Among the entries below, only the lines starting at the one with "line L12 (20, 559.2721) -> (20, 512)" and ending at the one with "line L1 (-41, 372) -> (-41, 440)", both included, are to be printed exactly.

## [EXERCISE INPUTS]

┌────────

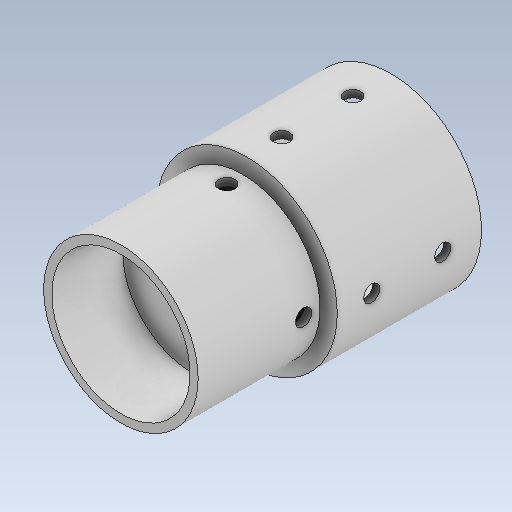
# Autodesk Inventor part: vert_rot
Saved by Autodesk Inventor 2021.4 (Build 254397000, 397)
## iProperties
Created: 2023-11-16
Part Number: vert_rot
Material: Generic
Document SubType Name: Modeling
Designer: vtoth
Density: 1 g/cm^3
Appearance: Default
Author: vtoth
Autodesk Inventor part; units mm, degrees
ref_plane "YZ Plane" through (0, 0, 0) normal (1, 0, 0) x (0, 1, 0)
derived "skeleton_1.ipt"
sketch "Sketch1" plane through (0, 0, 0) normal (0, 1, 0) x (-1, 0, 0)
  line L0 (0, 0) -> (0, 550)
  circle A0 centre (0, 550) radius 6
  line L1 (0, 550) -> (43.8812, 590.9199)
  line L2 (-15.7936, 654.9134) -> (83.0961, 548.8671)
  line L3 (111.4949, 533.0759) -> (80.291, 566.538)
  line L4 (96.8679, 519.4359) -> (65.6639, 552.898)
  line L5 (0, 0) -> (-350, 0)
  line L6 (11.0017, 632.044) -> (5.1509, 626.588)
  point P0 (0, 440)
sketch "Sketch2" plane through (15.7936, 0, 654.9134) normal (-0.6819984, 0, -0.7313537) x (0, -1, 0)
  line L0 (0, -60) -> (0, 0) construction
  line L1 (0, -72) -> (0, 80)
  circle A0 centre (0, 0) radius 10
  line L2 (10, -4.956) -> (10, -4.9245)
  line L3 (-10, 4.9268) -> (-10, 4.959)
  line L4 (-5, 73) -> (5, 73)
  point P0 (0, 0)
  point P1 (0, 0)
  point P2 (0, 0)
  point P3 (0, 10)
  point P4 (0, 10)
  point P5 (0, 10)
  point P6 (0, -57)
  point P7 (0, 45)
sketch "Sketch3" plane through (-42.7147, 0, 709.4732) normal (-0.7313537, 0, 0.6819984) x (0, -1, 0)
  line L0 (0, 0) -> (0, -145) construction
  line L1 (105, 0) -> (-105, 0)
  circle A0 centre (0, 0) radius 6
  line L2 (0, 50) -> (0, -50)
  line L3 (-105, -80) -> (-105, 80)
  point P0 (0, 0)
  point P1 (0, 0)
  point P2 (0, 0)
  point P3 (0, 0)
  point P4 (-79, -23)
ref_plane "Work Plane1" through (15.7936, 0, 654.9134) normal (-0.6819984, 0, -0.7313537) x (0, -1, 0)
ref_plane "Work Plane2" through (-42.7147, 0, 709.4732) normal (-0.7313537, 0, 0.6819984) x (0, -1, 0)
derived "polus.ipt"
sketch "Sketch1_1" plane through (0, 0, 0) normal (0, 1, 0) x (-1, 0, 0)
  line L0 (0, 0) -> (0, 550)
  circle A0 centre (0, 550) radius 6
  line L1 (0, 550) -> (43.8812, 590.9199)
  line L2 (-15.7936, 654.9134) -> (83.0961, 548.8671)
  line L3 (111.4949, 533.0759) -> (80.291, 566.538)
  line L4 (96.8679, 519.4359) -> (65.6639, 552.898)
  line L5 (0, 0) -> (-350, 0)
  line L6 (11.0017, 632.044) -> (5.1509, 626.588)
  point P0 (0, 440)
sketch "Sketch4_1" plane through (0, 0, 0) normal (0, 1, 0) x (-1, 0, 0)
  circle A0 centre (0, 550) radius 6
  line L0 (0, 0) -> (0, 550)
  line L1 (-43, 460) -> (-43, 512)
  line L2 (-43, 512) -> (43, 512)
  line L3 (43, 512) -> (43, 460)
  line L4 (43, 460) -> (39, 460)
  line L5 (39, 460) -> (39, 505)
  line L6 (-39, 505) -> (-39, 460)
  line L7 (-39, 460) -> (-43, 460)
  line L8 (-20, 512) -> (-20, 559.2721)
  line L9 (-20, 559.2721) -> (-7.2721, 572)
  line L10 (-7.2721, 572) -> (7.2721, 572)
  line L11 (7.2721, 572) -> (20, 559.2721)
  line L12 (20, 559.2721) -> (20, 512)
  line L13 (39, 505) -> (0, 505)
  line L14 (0, 512) -> (0, 505)
  line L15 (0, 505) -> (-39, 505)
sketch "Sketch4" plane through (0, 0, 0) normal (0, 1, 0) x (-1, 0, 0)
  line L0 (0, 0) -> (0, 550) projected
  line L1 (-41, 372) -> (-41, 440)
  line L2 (-41, 440) -> (-15.5, 440)
  line L3 (-15.5, 440) -> (-15.5, 443)
  line L4 (-15.5, 443) -> (-27.5, 443)
  line L5 (-27.5, 443) -> (-27.5, 459)
  line L6 (-27.5, 459) -> (-21, 459)
  line L7 (-21, 459) -> (-21, 464)
  line L8 (-21, 464) -> (-30.5, 464)
  line L9 (-30.5, 464) -> (-30.5, 443)
  line L10 (-30.5, 443) -> (-44.5, 443)
  line L11 (-44.5, 443) -> (-44.5, 372)
  line L12 (-44.5, 372) -> (-41, 372)
  line L13 (-34, 445) -> (-38, 445)
  line L14 (-38, 445) -> (-38, 505)
  line L15 (-38, 505) -> (-34, 505)
  line L16 (-34, 505) -> (-34, 470)
  line L17 (-34, 470) -> (-15, 470)
  line L18 (-15, 470) -> (-15, 443)
  line L19 (-15, 443) -> (-27.3, 443)
  line L20 (-27.3, 443) -> (-27.3, 458.8)
  line L21 (-27.3, 458.8) -> (-20, 458.8)
  line L22 (-20, 458.8) -> (-20, 465.5)
  line L23 (-20, 465.5) -> (-34, 465.5)
  line L24 (-34, 465.5) -> (-34, 445)
  line L25 (-20, 470) -> (-20, 465.5)
  line L26 (-15, 465.5) -> (-20, 465.5)
  line L27 (-27.5, 443) -> (-30.5, 443)
  line L28 (0, 505) -> (-39, 505) construction
  point P0 (0, 440)
  dimension "d1" = 82
  dimension "d2" = 3.5
  dimension "d3" = 68
  dimension "d4" = 71
  dimension "d10" = 30
  dimension "d11" = 76
  dimension "d12" = 0
  dimension "d13" = 0.2
  dimension "d14" = 0.2
  dimension "d15" = 1
  dimension "d17" = 3.5
  dimension "dist" = 2
  dimension "d19" = 14
  dimension "d22" = 5
  dimension "d23" = 3
  dimension "d24" = 5
  dimension "d25" = 4.5
  dimension "d26" = 31
  dimension "d27" = 6
  dimension "d51" = 35
  constraints: 54 end point, 22 perpendicular, 4 point on line, 3 parallel, 2 collinear, 1 horizontal
  measures "d1" diameter of L1 L0
  measures "d2" distance between parallel lines of L1 L11
  measures "d3" distance between parallel lines of L2 L12
  measures "d4" distance between parallel lines of L12 L10
  measures "d10" diameter of L18 L0
  measures "d11" diameter of L14 L0
  measures "d12" distance between parallel lines of L4 L19
  measures "d13" distance between parallel lines of L5 L20
  measures "d14" distance between parallel lines of L6 L21
  measures "d15" distance between parallel lines of L7 L22
  measures "d17" distance between parallel lines of L24 L9
  measures "dist" distance between parallel lines of L10 L13
  measures "d19" distance between parallel lines of L11 L9
  measures "d22" distance between parallel lines of L18 L22
  measures "d23" distance between parallel lines of L9 L5
  measures "d24" distance between parallel lines of L8 L6
  measures "d25" distance between parallel lines of L17 L23
  measures "d26" diameter of L3 L0
  measures "d27" distance between parallel lines of L8 L17
  measures "d51" distance between parallel lines of L15 L17
revolve "Revolution1" add sketch "Sketch4" angle 360 about axis through (0, 0, 0) along (0, 0, 1) contours L12 L11 L10 L27 L4 L3 L2 L1 | L9 L8 L7 L6 L5 L27
revolve "Revolution2" add sketch "Sketch4" angle 360 about axis through (0, 0, 0) along (0, 0, 1) separate body contours L4 L20 L21 L22 L26 L18 L19 | L26 L25 L17 L18 | L23 L24 L13 L14 L15 L16 L17 L25
ref_plane "Work Plane3" through (44.5, 0, 443) normal (1, 0, 0) x (0, 1, 0)
sketch "Sketch7" plane through (44.5, 0, 443) normal (1, 0, 0) x (0, 1, 0)
  line L0 (0, 0) -> (0, -71) construction
  line L1 (44.5, -71) -> (-44.5, -71) construction
  circle A0 centre (0, -52) radius 4
  circle A1 centre (0, -17) radius 4
  point P0 (0, -443)
  dimension "d29" = 19
  dimension "d30" = 35
  dimension "d32" = 8
  dimension "d33" = 8
  constraints: 2 centre point, 2 coincident, 2 point on line
  measures "d29" distance from line of L1 point (0, -52)
  measures "d30" distance of point (0, -52) point (0, -17)
  measures "d32" diameter of A0
  measures "d33" diameter of A1
ref_plane "Work Plane4" through (38, 0, 445) normal (1, 0, 0) x (0, 1, 0)
sketch "Sketch8" plane through (38, 0, 445) normal (1, 0, 0) x (0, 1, 0)
  line L0 (0, 0) -> (0, 60) construction
  line L1 (38, 0) -> (-38, 0) construction
  circle A0 centre (0, 8) radius 4
  point P0 (0, -445)
  dimension "d31" = 8
  dimension "d34" = 8
  constraints: 1 centre point, 1 coincident, 1 point on line
  measures "d31" distance from line of L1 point (0, 8)
  measures "d34" diameter of A0
extrude "Extrusion1" cut sketch "Sketch7" against normal up to surface round surface about axis through (0, 0, 406) along (0, 0, 1) radius 41 far side no bodies 1
extrude "Extrusion2" cut sketch "Sketch8" against normal up to surface round surface about axis through (0, 0, 455.25) along (0, 0, 1) radius 34 far side no bodies 2
thread "Thread1" size "M8x1.25" class "6H" standard "ISO Metric profile" length 7
thread "Thread2" size "M8x1.25" class "6H" standard "ANSI Metric M Profile" length 7
thread "Thread3" size "M8x1.25" class "6H" standard "ANSI Metric M Profile" length 7
pattern_circular "Circular Pattern1" count 4 over 360 about axis through (0, 0, 475) along (0, 0, 1) of "Extrusion2" bodies 2
pattern_circular "Circular Pattern2" count 4 over 360 about axis through (0, 0, 407.5) along (0, 0, 1) of "Extrusion1" bodies 1

└────────

## [RESPONSE AREA]
  line L12 (20, 559.2721) -> (20, 512)
  line L13 (39, 505) -> (0, 505)
  line L14 (0, 512) -> (0, 505)
  line L15 (0, 505) -> (-39, 505)
sketch "Sketch4" plane through (0, 0, 0) normal (0, 1, 0) x (-1, 0, 0)
  line L0 (0, 0) -> (0, 550) projected
  line L1 (-41, 372) -> (-41, 440)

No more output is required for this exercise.